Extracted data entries
—————

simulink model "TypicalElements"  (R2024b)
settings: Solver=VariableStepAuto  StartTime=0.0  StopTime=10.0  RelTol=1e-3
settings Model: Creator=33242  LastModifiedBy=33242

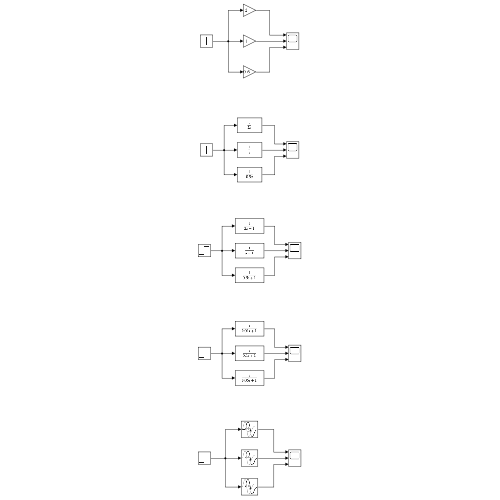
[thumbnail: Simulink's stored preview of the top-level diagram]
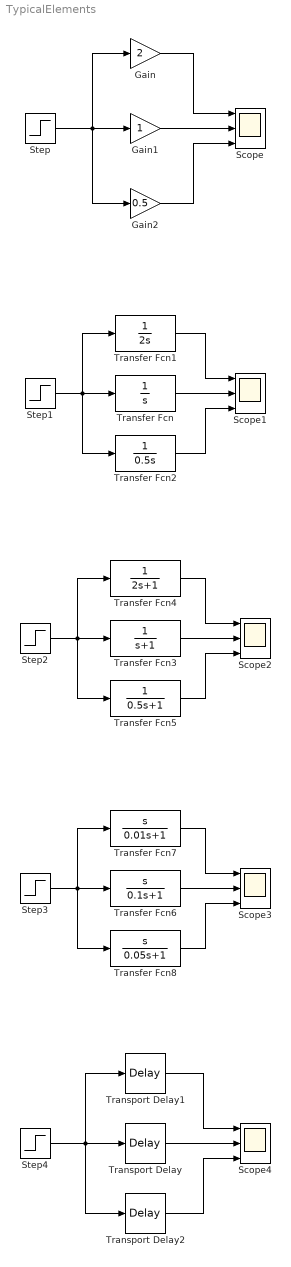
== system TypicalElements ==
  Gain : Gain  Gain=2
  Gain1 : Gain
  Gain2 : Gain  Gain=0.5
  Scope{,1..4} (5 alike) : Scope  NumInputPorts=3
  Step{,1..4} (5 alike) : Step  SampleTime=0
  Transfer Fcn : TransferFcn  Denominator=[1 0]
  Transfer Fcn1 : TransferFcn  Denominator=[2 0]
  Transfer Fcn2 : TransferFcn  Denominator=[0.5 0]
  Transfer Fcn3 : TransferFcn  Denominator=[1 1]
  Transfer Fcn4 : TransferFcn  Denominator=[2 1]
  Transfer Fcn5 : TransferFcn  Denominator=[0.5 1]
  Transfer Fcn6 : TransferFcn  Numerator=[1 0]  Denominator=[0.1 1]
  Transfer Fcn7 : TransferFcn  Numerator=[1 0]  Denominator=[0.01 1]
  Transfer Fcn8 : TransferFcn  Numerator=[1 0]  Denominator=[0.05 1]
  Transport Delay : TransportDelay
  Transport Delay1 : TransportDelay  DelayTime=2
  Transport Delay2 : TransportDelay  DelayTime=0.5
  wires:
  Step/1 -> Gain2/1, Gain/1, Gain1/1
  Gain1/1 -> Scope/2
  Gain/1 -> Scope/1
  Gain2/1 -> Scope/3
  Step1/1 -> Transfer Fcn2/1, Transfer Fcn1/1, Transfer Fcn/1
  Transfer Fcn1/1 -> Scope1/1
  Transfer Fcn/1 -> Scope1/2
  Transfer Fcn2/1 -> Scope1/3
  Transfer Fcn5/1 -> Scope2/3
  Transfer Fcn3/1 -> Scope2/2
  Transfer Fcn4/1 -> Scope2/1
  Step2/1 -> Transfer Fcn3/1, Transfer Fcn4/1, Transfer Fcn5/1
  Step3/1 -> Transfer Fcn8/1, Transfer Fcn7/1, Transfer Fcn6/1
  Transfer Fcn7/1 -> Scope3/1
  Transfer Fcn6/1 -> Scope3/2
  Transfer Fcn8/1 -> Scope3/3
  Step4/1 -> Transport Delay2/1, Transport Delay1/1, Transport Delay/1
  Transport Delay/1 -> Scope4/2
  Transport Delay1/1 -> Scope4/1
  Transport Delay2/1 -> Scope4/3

—————

YOUR ASSIGNMENT =>
All entries above, minus the pictures, should be repeated exactly.

EXERCISE RESPONSE =>
simulink model "TypicalElements"  (R2024b)
settings: Solver=VariableStepAuto  StartTime=0.0  StopTime=10.0  RelTol=1e-3
settings Model: Creator=33242  LastModifiedBy=33242

[thumbnail: Simulink's stored preview of the top-level diagram]
== system TypicalElements ==
  Gain : Gain  Gain=2
  Gain1 : Gain
  Gain2 : Gain  Gain=0.5
  Scope{,1..4} (5 alike) : Scope  NumInputPorts=3
  Step{,1..4} (5 alike) : Step  SampleTime=0
  Transfer Fcn : TransferFcn  Denominator=[1 0]
  Transfer Fcn1 : TransferFcn  Denominator=[2 0]
  Transfer Fcn2 : TransferFcn  Denominator=[0.5 0]
  Transfer Fcn3 : TransferFcn  Denominator=[1 1]
  Transfer Fcn4 : TransferFcn  Denominator=[2 1]
  Transfer Fcn5 : TransferFcn  Denominator=[0.5 1]
  Transfer Fcn6 : TransferFcn  Numerator=[1 0]  Denominator=[0.1 1]
  Transfer Fcn7 : TransferFcn  Numerator=[1 0]  Denominator=[0.01 1]
  Transfer Fcn8 : TransferFcn  Numerator=[1 0]  Denominator=[0.05 1]
  Transport Delay : TransportDelay
  Transport Delay1 : TransportDelay  DelayTime=2
  Transport Delay2 : TransportDelay  DelayTime=0.5
  wires:
  Step/1 -> Gain2/1, Gain/1, Gain1/1
  Gain1/1 -> Scope/2
  Gain/1 -> Scope/1
  Gain2/1 -> Scope/3
  Step1/1 -> Transfer Fcn2/1, Transfer Fcn1/1, Transfer Fcn/1
  Transfer Fcn1/1 -> Scope1/1
  Transfer Fcn/1 -> Scope1/2
  Transfer Fcn2/1 -> Scope1/3
  Transfer Fcn5/1 -> Scope2/3
  Transfer Fcn3/1 -> Scope2/2
  Transfer Fcn4/1 -> Scope2/1
  Step2/1 -> Transfer Fcn3/1, Transfer Fcn4/1, Transfer Fcn5/1
  Step3/1 -> Transfer Fcn8/1, Transfer Fcn7/1, Transfer Fcn6/1
  Transfer Fcn7/1 -> Scope3/1
  Transfer Fcn6/1 -> Scope3/2
  Transfer Fcn8/1 -> Scope3/3
  Step4/1 -> Transport Delay2/1, Transport Delay1/1, Transport Delay/1
  Transport Delay/1 -> Scope4/2
  Transport Delay1/1 -> Scope4/1
  Transport Delay2/1 -> Scope4/3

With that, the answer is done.